Both types of logical thinking are related to the two main pathways of scientific study: descriptive science and hypothesis- based science. Descriptive (or discovery) science, which is usually inductive, aims to observe, explore, and discover, while hypothesis-based science, which is usually deductive, begins with a specific question or problem and a potential answer or solution that can be tested. The boundary between these two forms of study is often blurred, and most scientific endeavors combine both approaches. The fuzzy boundary becomes apparent when thinking about how easily observation can lead to specific questions. For example, a gentleman in the 1940s observed that the burr seeds that stuck to his clothes and his dogs fur had a tiny hook structure. On closer inspection, he discovered that the burrs’ gripping device was more reliable than a zipper. He eventually developed a company and produced the hook-and-loop fastener popularly known today as Velcro. Descriptive science and hypothesis-based science are in continuous dialogue.

The Process of Science

Biology is a science, but what exactly is science? What does the study of biology share with other scientific disciplines? Science (from the Latin scientia, meaning “knowledge”) can be defined as knowledge that covers general truths or the operation of general laws, especially when acquired and tested by the scientific method. It becomes clear from this definition that the application of the scientific method plays a major role in science. The scientific method is a method of research with defined steps that include experiments and careful observation.
The steps of the scientific method will be examined in detail later, but one of the most important aspects of this method is the testing of hypotheses by means of repeatable experiments. A hypothesis is a suggested explanation for an event, which can be tested. Although using the scientific method is inherent to science, it is inadequate in determining what science is.
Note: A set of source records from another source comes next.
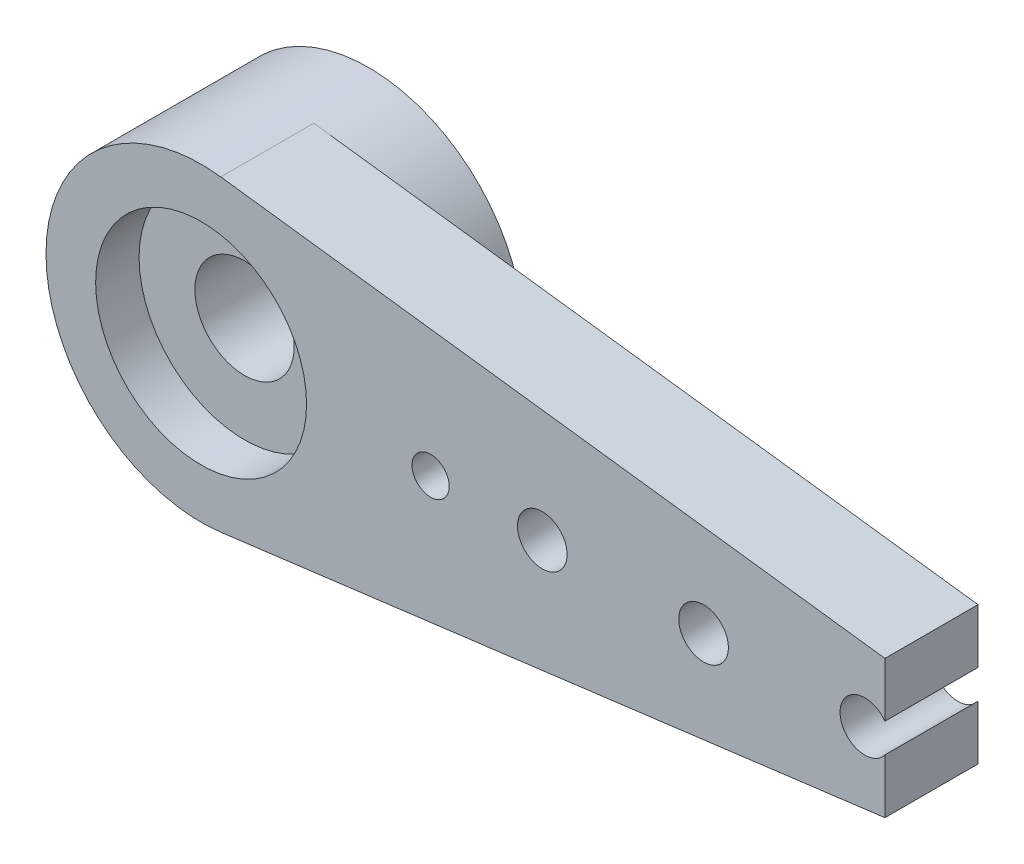
ISO-10303-21;
HEADER;
FILE_DESCRIPTION(('STEP AP214'),'2;1');
FILE_NAME('part.step','',(''),(''),'','','');
FILE_SCHEMA(('AUTOMOTIVE_DESIGN { 1 0 10303 214 1 1 1 1 }'));
ENDSEC;
DATA;
#1=APPLICATION_CONTEXT('core data for automotive mechanical design processes');
#2=APPLICATION_PROTOCOL_DEFINITION('international standard','automotive_design',2000,#1);
#3=PRODUCT_CONTEXT('',#1,'mechanical');
#4=PRODUCT('Part','Part','',(#3));
#5=PRODUCT_RELATED_PRODUCT_CATEGORY('part','',(#4));
#6=PRODUCT_DEFINITION_FORMATION('','',#4);
#7=PRODUCT_DEFINITION_CONTEXT('part definition',#1,'design');
#8=PRODUCT_DEFINITION('design','',#6,#7);
#9=PRODUCT_DEFINITION_SHAPE('','',#8);
#10=(LENGTH_UNIT() NAMED_UNIT(*) SI_UNIT(.MILLI.,.METRE.));
#11=(NAMED_UNIT(*) PLANE_ANGLE_UNIT() SI_UNIT($,.RADIAN.));
#12=(NAMED_UNIT(*) SI_UNIT($,.STERADIAN.) SOLID_ANGLE_UNIT());
#13=UNCERTAINTY_MEASURE_WITH_UNIT(LENGTH_MEASURE(1.E-05),#10,'distance_accuracy_value','');
#14=(GEOMETRIC_REPRESENTATION_CONTEXT(3) GLOBAL_UNCERTAINTY_ASSIGNED_CONTEXT((#13)) GLOBAL_UNIT_ASSIGNED_CONTEXT((#10,
#11,#12)) REPRESENTATION_CONTEXT('',''));
#15=CARTESIAN_POINT('',(0.,0.,0.));
#16=DIRECTION('',(0.,0.,1.));
#17=DIRECTION('',(1.,0.,0.));
#18=AXIS2_PLACEMENT_3D('',#15,#16,#17);
#19=CARTESIAN_POINT('',(0.,0.,1.905));
#20=DIRECTION('',(0.,0.,-1.));
#21=DIRECTION('',(-1.,0.,0.));
#22=AXIS2_PLACEMENT_3D('',#19,#20,#21);
#23=CYLINDRICAL_SURFACE('',#22,1.016);
#24=CARTESIAN_POINT('',(0.,0.,1.016));
#25=DIRECTION('',(0.,0.,1.));
#26=DIRECTION('',(1.,0.,0.));
#27=AXIS2_PLACEMENT_3D('',#24,#25,#26);
#28=CIRCLE('',#27,1.016);
#29=CARTESIAN_POINT('',(1.016,0.,1.016));
#30=VERTEX_POINT('',#29);
#31=EDGE_CURVE('E166',#30,#30,#28,.F.);
#32=ORIENTED_EDGE('',*,*,#31,.F.);
#33=EDGE_LOOP('',(#32));
#34=FACE_BOUND('',#33,.T.);
#35=CARTESIAN_POINT('',(0.,0.,-0.635));
#36=DIRECTION('',(0.,0.,-1.));
#37=DIRECTION('',(-1.,0.,0.));
#38=AXIS2_PLACEMENT_3D('',#35,#36,#37);
#39=CIRCLE('',#38,1.016);
#40=CARTESIAN_POINT('',(-1.016,0.,-0.635));
#41=VERTEX_POINT('',#40);
#42=EDGE_CURVE('E175',#41,#41,#39,.T.);
#43=ORIENTED_EDGE('',*,*,#42,.T.);
#44=EDGE_LOOP('',(#43));
#45=FACE_BOUND('',#44,.T.);
#46=ADVANCED_FACE('F43',(#34,#45),#23,.F.);
#47=CARTESIAN_POINT('',(0.,0.,1.905));
#48=DIRECTION('',(0.,0.,-1.));
#49=DIRECTION('',(-1.,0.,0.));
#50=AXIS2_PLACEMENT_3D('',#47,#48,#49);
#51=CYLINDRICAL_SURFACE('',#50,3.175);
#52=DIRECTION('',(0.,0.,-1.));
#53=VECTOR('',#52,1.);
#54=CARTESIAN_POINT('',(0.402335264301231,3.14940491761533,1.905));
#55=LINE('',#54,#53);
#56=CARTESIAN_POINT('',(0.402335264301231,3.14940491761533,1.905));
#57=VERTEX_POINT('',#56);
#58=CARTESIAN_POINT('',(0.402335264301231,3.14940491761533,0.));
#59=VERTEX_POINT('',#58);
#60=EDGE_CURVE('E137',#57,#59,#55,.T.);
#61=ORIENTED_EDGE('',*,*,#60,.T.);
#62=CARTESIAN_POINT('',(0.,0.,0.));
#63=DIRECTION('',(0.,0.,1.));
#64=DIRECTION('',(1.,0.,0.));
#65=AXIS2_PLACEMENT_3D('',#62,#63,#64);
#66=CIRCLE('',#65,3.175);
#67=CARTESIAN_POINT('',(0.402335264301231,-3.14940491761533,0.));
#68=VERTEX_POINT('',#67);
#69=EDGE_CURVE('E157',#68,#59,#66,.T.);
#70=ORIENTED_EDGE('',*,*,#69,.F.);
#71=DIRECTION('',(0.,0.,-1.));
#72=VECTOR('',#71,1.);
#73=CARTESIAN_POINT('',(0.402335264301231,-3.14940491761533,1.905));
#74=LINE('',#73,#72);
#75=CARTESIAN_POINT('',(0.402335264301231,-3.14940491761533,1.905));
#76=VERTEX_POINT('',#75);
#77=EDGE_CURVE('E156',#76,#68,#74,.T.);
#78=ORIENTED_EDGE('',*,*,#77,.F.);
#79=CARTESIAN_POINT('',(0.,0.,1.905));
#80=DIRECTION('',(0.,0.,1.));
#81=DIRECTION('',(1.,0.,0.));
#82=AXIS2_PLACEMENT_3D('',#79,#80,#81);
#83=CIRCLE('',#82,3.175);
#84=EDGE_CURVE('E116',#57,#76,#83,.T.);
#85=ORIENTED_EDGE('',*,*,#84,.F.);
#86=EDGE_LOOP('',(#61,#70,#78,#85));
#87=FACE_BOUND('',#86,.T.);
#88=CARTESIAN_POINT('',(0.,0.,-1.524));
#89=DIRECTION('',(0.,0.,1.));
#90=DIRECTION('',(1.,0.,0.));
#91=AXIS2_PLACEMENT_3D('',#88,#89,#90);
#92=CIRCLE('',#91,3.175);
#93=CARTESIAN_POINT('',(3.175,0.,-1.524));
#94=VERTEX_POINT('',#93);
#95=EDGE_CURVE('E140',#94,#94,#92,.T.);
#96=ORIENTED_EDGE('',*,*,#95,.T.);
#97=EDGE_LOOP('',(#96));
#98=FACE_BOUND('',#97,.T.);
#99=ADVANCED_FACE('F201',(#87,#98),#51,.T.);
#100=CARTESIAN_POINT('',(0.402335264301231,-3.14940491761533,1.905));
#101=DIRECTION('',(-0.126719768283852,0.99193855672924,0.));
#102=DIRECTION('',(-0.99193855672924,-0.126719768283852,0.));
#103=AXIS2_PLACEMENT_3D('',#100,#101,#102);
#104=PLANE('',#103);
#105=DIRECTION('',(0.99193855672924,0.126719768283852,0.));
#106=VECTOR('',#105,1.);
#107=CARTESIAN_POINT('',(0.402335264301231,-3.14940491761533,0.));
#108=LINE('',#107,#106);
#109=CARTESIAN_POINT('',(14.,-1.41230848878926,0.));
#110=VERTEX_POINT('',#109);
#111=EDGE_CURVE('E109',#68,#110,#108,.T.);
#112=ORIENTED_EDGE('',*,*,#111,.T.);
#113=DIRECTION('',(0.,0.,-1.));
#114=VECTOR('',#113,1.);
#115=CARTESIAN_POINT('',(14.,-1.41230848878926,1.905));
#116=LINE('',#115,#114);
#117=CARTESIAN_POINT('',(14.,-1.41230848878926,1.905));
#118=VERTEX_POINT('',#117);
#119=EDGE_CURVE('E64',#118,#110,#116,.T.);
#120=ORIENTED_EDGE('',*,*,#119,.F.);
#121=DIRECTION('',(0.99193855672924,0.126719768283852,0.));
#122=VECTOR('',#121,1.);
#123=CARTESIAN_POINT('',(0.402335264301231,-3.14940491761533,1.905));
#124=LINE('',#123,#122);
#125=EDGE_CURVE('E106',#76,#118,#124,.T.);
#126=ORIENTED_EDGE('',*,*,#125,.F.);
#127=ORIENTED_EDGE('',*,*,#77,.T.);
#128=EDGE_LOOP('',(#112,#120,#126,#127));
#129=FACE_BOUND('',#128,.T.);
#130=ADVANCED_FACE('F104',(#129),#104,.F.);
#131=CARTESIAN_POINT('',(6.985,0.,1.905));
#132=DIRECTION('',(0.,0.,-1.));
#133=DIRECTION('',(-1.,0.,0.));
#134=AXIS2_PLACEMENT_3D('',#131,#132,#133);
#135=CYLINDRICAL_SURFACE('',#134,0.508);
#136=CARTESIAN_POINT('',(6.985,0.,1.905));
#137=DIRECTION('',(0.,0.,1.));
#138=DIRECTION('',(1.,0.,0.));
#139=AXIS2_PLACEMENT_3D('',#136,#137,#138);
#140=CIRCLE('',#139,0.508);
#141=CARTESIAN_POINT('',(7.493,0.,1.905));
#142=VERTEX_POINT('',#141);
#143=EDGE_CURVE('E131',#142,#142,#140,.T.);
#144=ORIENTED_EDGE('',*,*,#143,.T.);
#145=EDGE_LOOP('',(#144));
#146=FACE_BOUND('',#145,.T.);
#147=CARTESIAN_POINT('',(6.985,0.,0.));
#148=DIRECTION('',(0.,0.,1.));
#149=DIRECTION('',(1.,0.,0.));
#150=AXIS2_PLACEMENT_3D('',#147,#148,#149);
#151=CIRCLE('',#150,0.508);
#152=CARTESIAN_POINT('',(7.493,0.,0.));
#153=VERTEX_POINT('',#152);
#154=EDGE_CURVE('E149',#153,#153,#151,.T.);
#155=ORIENTED_EDGE('',*,*,#154,.F.);
#156=EDGE_LOOP('',(#155));
#157=FACE_BOUND('',#156,.T.);
#158=ADVANCED_FACE('F245',(#146,#157),#135,.F.);
#159=CARTESIAN_POINT('',(10.287,0.,1.905));
#160=DIRECTION('',(0.,0.,-1.));
#161=DIRECTION('',(-1.,0.,0.));
#162=AXIS2_PLACEMENT_3D('',#159,#160,#161);
#163=CYLINDRICAL_SURFACE('',#162,0.508);
#164=CARTESIAN_POINT('',(10.287,0.,1.905));
#165=DIRECTION('',(0.,0.,1.));
#166=DIRECTION('',(1.,0.,0.));
#167=AXIS2_PLACEMENT_3D('',#164,#165,#166);
#168=CIRCLE('',#167,0.508);
#169=CARTESIAN_POINT('',(10.795,0.,1.905));
#170=VERTEX_POINT('',#169);
#171=EDGE_CURVE('E128',#170,#170,#168,.T.);
#172=ORIENTED_EDGE('',*,*,#171,.T.);
#173=EDGE_LOOP('',(#172));
#174=FACE_BOUND('',#173,.T.);
#175=CARTESIAN_POINT('',(10.287,0.,0.));
#176=DIRECTION('',(0.,0.,1.));
#177=DIRECTION('',(1.,0.,0.));
#178=AXIS2_PLACEMENT_3D('',#175,#176,#177);
#179=CIRCLE('',#178,0.508);
#180=CARTESIAN_POINT('',(10.795,0.,0.));
#181=VERTEX_POINT('',#180);
#182=EDGE_CURVE('E146',#181,#181,#179,.T.);
#183=ORIENTED_EDGE('',*,*,#182,.F.);
#184=EDGE_LOOP('',(#183));
#185=FACE_BOUND('',#184,.T.);
#186=ADVANCED_FACE('F248',(#174,#185),#163,.F.);
#187=CARTESIAN_POINT('',(13.589,0.,1.905));
#188=DIRECTION('',(0.,0.,-1.));
#189=DIRECTION('',(-1.,0.,0.));
#190=AXIS2_PLACEMENT_3D('',#187,#188,#189);
#191=CYLINDRICAL_SURFACE('',#190,0.508);
#192=DIRECTION('',(0.,0.,-1.));
#193=VECTOR('',#192,1.);
#194=CARTESIAN_POINT('',(14.,0.298568250153964,1.905));
#195=LINE('',#194,#193);
#196=CARTESIAN_POINT('',(14.,0.298568250153964,1.905));
#197=VERTEX_POINT('',#196);
#198=CARTESIAN_POINT('',(14.,0.298568250153964,0.));
#199=VERTEX_POINT('',#198);
#200=EDGE_CURVE('E57',#197,#199,#195,.T.);
#201=ORIENTED_EDGE('',*,*,#200,.F.);
#202=CARTESIAN_POINT('',(13.589,0.,1.905));
#203=DIRECTION('',(0.,0.,1.));
#204=DIRECTION('',(1.,0.,0.));
#205=AXIS2_PLACEMENT_3D('',#202,#203,#204);
#206=CIRCLE('',#205,0.508);
#207=CARTESIAN_POINT('',(14.,-0.298568250153964,1.905));
#208=VERTEX_POINT('',#207);
#209=EDGE_CURVE('E121',#197,#208,#206,.T.);
#210=ORIENTED_EDGE('',*,*,#209,.T.);
#211=DIRECTION('',(0.,0.,-1.));
#212=VECTOR('',#211,1.);
#213=CARTESIAN_POINT('',(14.,-0.298568250153964,1.905));
#214=LINE('',#213,#212);
#215=CARTESIAN_POINT('',(14.,-0.298568250153964,0.));
#216=VERTEX_POINT('',#215);
#217=EDGE_CURVE('E95',#208,#216,#214,.T.);
#218=ORIENTED_EDGE('',*,*,#217,.T.);
#219=CARTESIAN_POINT('',(13.589,0.,0.));
#220=DIRECTION('',(0.,0.,1.));
#221=DIRECTION('',(1.,0.,0.));
#222=AXIS2_PLACEMENT_3D('',#219,#220,#221);
#223=CIRCLE('',#222,0.508);
#224=EDGE_CURVE('E143',#199,#216,#223,.T.);
#225=ORIENTED_EDGE('',*,*,#224,.F.);
#226=EDGE_LOOP('',(#201,#210,#218,#225));
#227=FACE_BOUND('',#226,.T.);
#228=ADVANCED_FACE('F191',(#227),#191,.F.);
#229=CARTESIAN_POINT('',(0.402335264301231,3.14940491761533,1.905));
#230=DIRECTION('',(0.126719768283852,0.99193855672924,0.));
#231=DIRECTION('',(-0.99193855672924,0.126719768283852,0.));
#232=AXIS2_PLACEMENT_3D('',#229,#230,#231);
#233=PLANE('',#232);
#234=DIRECTION('',(0.,0.,-1.));
#235=VECTOR('',#234,1.);
#236=CARTESIAN_POINT('',(14.,1.41230848878926,1.905));
#237=LINE('',#236,#235);
#238=CARTESIAN_POINT('',(14.,1.41230848878926,1.905));
#239=VERTEX_POINT('',#238);
#240=CARTESIAN_POINT('',(14.,1.41230848878926,0.));
#241=VERTEX_POINT('',#240);
#242=EDGE_CURVE('E179',#239,#241,#237,.T.);
#243=ORIENTED_EDGE('',*,*,#242,.T.);
#244=DIRECTION('',(0.99193855672924,-0.126719768283852,0.));
#245=VECTOR('',#244,1.);
#246=CARTESIAN_POINT('',(0.402335264301231,3.14940491761533,0.));
#247=LINE('',#246,#245);
#248=EDGE_CURVE('E139',#59,#241,#247,.T.);
#249=ORIENTED_EDGE('',*,*,#248,.F.);
#250=ORIENTED_EDGE('',*,*,#60,.F.);
#251=DIRECTION('',(0.99193855672924,-0.126719768283852,0.));
#252=VECTOR('',#251,1.);
#253=CARTESIAN_POINT('',(0.402335264301231,3.14940491761533,1.905));
#254=LINE('',#253,#252);
#255=EDGE_CURVE('E118',#57,#239,#254,.T.);
#256=ORIENTED_EDGE('',*,*,#255,.T.);
#257=EDGE_LOOP('',(#243,#249,#250,#256));
#258=FACE_BOUND('',#257,.T.);
#259=ADVANCED_FACE('F186',(#258),#233,.T.);
#260=CARTESIAN_POINT('',(4.699,0.,1.905));
#261=DIRECTION('',(0.,0.,-1.));
#262=DIRECTION('',(-1.,0.,0.));
#263=AXIS2_PLACEMENT_3D('',#260,#261,#262);
#264=CYLINDRICAL_SURFACE('',#263,0.381000000000001);
#265=CARTESIAN_POINT('',(4.699,0.,1.905));
#266=DIRECTION('',(0.,0.,1.));
#267=DIRECTION('',(1.,0.,0.));
#268=AXIS2_PLACEMENT_3D('',#265,#266,#267);
#269=CIRCLE('',#268,0.381000000000001);
#270=CARTESIAN_POINT('',(5.08,0.,1.905));
#271=VERTEX_POINT('',#270);
#272=EDGE_CURVE('E134',#271,#271,#269,.T.);
#273=ORIENTED_EDGE('',*,*,#272,.T.);
#274=EDGE_LOOP('',(#273));
#275=FACE_BOUND('',#274,.T.);
#276=CARTESIAN_POINT('',(4.699,0.,0.));
#277=DIRECTION('',(0.,0.,1.));
#278=DIRECTION('',(1.,0.,0.));
#279=AXIS2_PLACEMENT_3D('',#276,#277,#278);
#280=CIRCLE('',#279,0.381000000000001);
#281=CARTESIAN_POINT('',(5.08,0.,0.));
#282=VERTEX_POINT('',#281);
#283=EDGE_CURVE('E123',#282,#282,#280,.T.);
#284=ORIENTED_EDGE('',*,*,#283,.F.);
#285=EDGE_LOOP('',(#284));
#286=FACE_BOUND('',#285,.T.);
#287=ADVANCED_FACE('F240',(#275,#286),#264,.F.);
#288=CARTESIAN_POINT('',(0.,0.,1.905));
#289=DIRECTION('',(0.,0.,1.));
#290=DIRECTION('',(1.,0.,0.));
#291=AXIS2_PLACEMENT_3D('',#288,#289,#290);
#292=PLANE('',#291);
#293=DIRECTION('',(0.,1.,0.));
#294=VECTOR('',#293,1.);
#295=CARTESIAN_POINT('',(14.,0.,1.905));
#296=LINE('',#295,#294);
#297=EDGE_CURVE('E100',#197,#239,#296,.T.);
#298=ORIENTED_EDGE('',*,*,#297,.T.);
#299=ORIENTED_EDGE('',*,*,#255,.F.);
#300=ORIENTED_EDGE('',*,*,#84,.T.);
#301=ORIENTED_EDGE('',*,*,#125,.T.);
#302=EDGE_CURVE('E92',#118,#208,#296,.T.);
#303=ORIENTED_EDGE('',*,*,#302,.T.);
#304=ORIENTED_EDGE('',*,*,#209,.F.);
#305=EDGE_LOOP('',(#298,#299,#300,#301,#303,#304));
#306=FACE_BOUND('',#305,.T.);
#307=CARTESIAN_POINT('',(0.,0.,1.905));
#308=DIRECTION('',(0.,0.,1.));
#309=DIRECTION('',(1.,0.,0.));
#310=AXIS2_PLACEMENT_3D('',#307,#308,#309);
#311=CIRCLE('',#310,2.15899987554);
#312=CARTESIAN_POINT('',(2.15899987554,0.,1.905));
#313=VERTEX_POINT('',#312);
#314=EDGE_CURVE('E163',#313,#313,#311,.T.);
#315=ORIENTED_EDGE('',*,*,#314,.F.);
#316=EDGE_LOOP('',(#315));
#317=FACE_BOUND('',#316,.T.);
#318=ORIENTED_EDGE('',*,*,#171,.F.);
#319=EDGE_LOOP('',(#318));
#320=FACE_BOUND('',#319,.T.);
#321=ORIENTED_EDGE('',*,*,#143,.F.);
#322=EDGE_LOOP('',(#321));
#323=FACE_BOUND('',#322,.T.);
#324=ORIENTED_EDGE('',*,*,#272,.F.);
#325=EDGE_LOOP('',(#324));
#326=FACE_BOUND('',#325,.T.);
#327=ADVANCED_FACE('F112',(#306,#317,#320,#323,#326),#292,.T.);
#328=CARTESIAN_POINT('',(0.,0.,0.));
#329=DIRECTION('',(0.,0.,1.));
#330=DIRECTION('',(1.,0.,0.));
#331=AXIS2_PLACEMENT_3D('',#328,#329,#330);
#332=PLANE('',#331);
#333=ORIENTED_EDGE('',*,*,#248,.T.);
#334=DIRECTION('',(0.,-1.,0.));
#335=VECTOR('',#334,1.);
#336=CARTESIAN_POINT('',(14.,0.,0.));
#337=LINE('',#336,#335);
#338=EDGE_CURVE('E11',#241,#199,#337,.T.);
#339=ORIENTED_EDGE('',*,*,#338,.T.);
#340=ORIENTED_EDGE('',*,*,#224,.T.);
#341=DIRECTION('',(0.,-1.,0.));
#342=VECTOR('',#341,1.);
#343=CARTESIAN_POINT('',(14.,0.,0.));
#344=LINE('',#343,#342);
#345=EDGE_CURVE('E50',#216,#110,#344,.T.);
#346=ORIENTED_EDGE('',*,*,#345,.T.);
#347=ORIENTED_EDGE('',*,*,#111,.F.);
#348=ORIENTED_EDGE('',*,*,#69,.T.);
#349=EDGE_LOOP('',(#333,#339,#340,#346,#347,#348));
#350=FACE_BOUND('',#349,.T.);
#351=ORIENTED_EDGE('',*,*,#182,.T.);
#352=EDGE_LOOP('',(#351));
#353=FACE_BOUND('',#352,.T.);
#354=ORIENTED_EDGE('',*,*,#154,.T.);
#355=EDGE_LOOP('',(#354));
#356=FACE_BOUND('',#355,.T.);
#357=ORIENTED_EDGE('',*,*,#283,.T.);
#358=EDGE_LOOP('',(#357));
#359=FACE_BOUND('',#358,.T.);
#360=ADVANCED_FACE('F187',(#350,#353,#356,#359),#332,.F.);
#361=CARTESIAN_POINT('',(0.,0.,-1.524));
#362=DIRECTION('',(0.,0.,1.));
#363=DIRECTION('',(1.,0.,0.));
#364=AXIS2_PLACEMENT_3D('',#361,#362,#363);
#365=PLANE('',#364);
#366=CARTESIAN_POINT('',(0.,0.,-1.524));
#367=DIRECTION('',(0.,0.,-1.));
#368=DIRECTION('',(-1.,0.,0.));
#369=AXIS2_PLACEMENT_3D('',#366,#367,#368);
#370=CIRCLE('',#369,2.09550000254);
#371=CARTESIAN_POINT('',(-2.09550000254,0.,-1.524));
#372=VERTEX_POINT('',#371);
#373=EDGE_CURVE('E172',#372,#372,#370,.T.);
#374=ORIENTED_EDGE('',*,*,#373,.F.);
#375=EDGE_LOOP('',(#374));
#376=FACE_BOUND('',#375,.T.);
#377=ORIENTED_EDGE('',*,*,#95,.F.);
#378=EDGE_LOOP('',(#377));
#379=FACE_BOUND('',#378,.T.);
#380=ADVANCED_FACE('F224',(#376,#379),#365,.F.);
#381=CARTESIAN_POINT('',(0.,0.,1.016));
#382=DIRECTION('',(0.,0.,1.));
#383=DIRECTION('',(1.,0.,0.));
#384=AXIS2_PLACEMENT_3D('',#381,#382,#383);
#385=CYLINDRICAL_SURFACE('',#384,2.15899987554);
#386=CARTESIAN_POINT('',(0.,0.,1.016));
#387=DIRECTION('',(0.,0.,1.));
#388=DIRECTION('',(1.,0.,0.));
#389=AXIS2_PLACEMENT_3D('',#386,#387,#388);
#390=CIRCLE('',#389,2.15899987554);
#391=CARTESIAN_POINT('',(2.15899987554,0.,1.016));
#392=VERTEX_POINT('',#391);
#393=EDGE_CURVE('E162',#392,#392,#390,.T.);
#394=CARTESIAN_POINT('',(2.15899987554,0.,1.016));
#395=CARTESIAN_POINT('',(2.15899987554,0.,1.02526041666667));
#396=CARTESIAN_POINT('',(2.15899987554,0.,1.03452083333333));
#397=CARTESIAN_POINT('',(2.15899987554,0.,1.05304166666667));
#398=CARTESIAN_POINT('',(2.15899987554,0.,1.06230208333333));
#399=CARTESIAN_POINT('',(2.15899987554,0.,1.08082291666667));
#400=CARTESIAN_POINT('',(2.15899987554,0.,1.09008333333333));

This is because it is relatively easy to apply the scientific method to disciplines such as physics and chemistry, but when it comes to disciplines like archaeology, psychology, and geology, the scientific method becomes less applicable as it becomes more difficult to repeat experiments.

These areas of study are still sciences, however. Consider archeology—even though one cannot perform repeatable experiments, hypotheses may still be supported. For instance, an archeologist can hypothesize that an ancient culture existed based on finding a piece of pottery. Further hypotheses could be made about various characteristics of this culture, and these hypotheses may be found to be correct or false through continued support or contradictions from other findings. A hypothesis may become a verified theory. A theory is a tested and confirmed explanation for observations or phenomena. Science may be better defined as fields of study that attempt to comprehend the nature of the universe.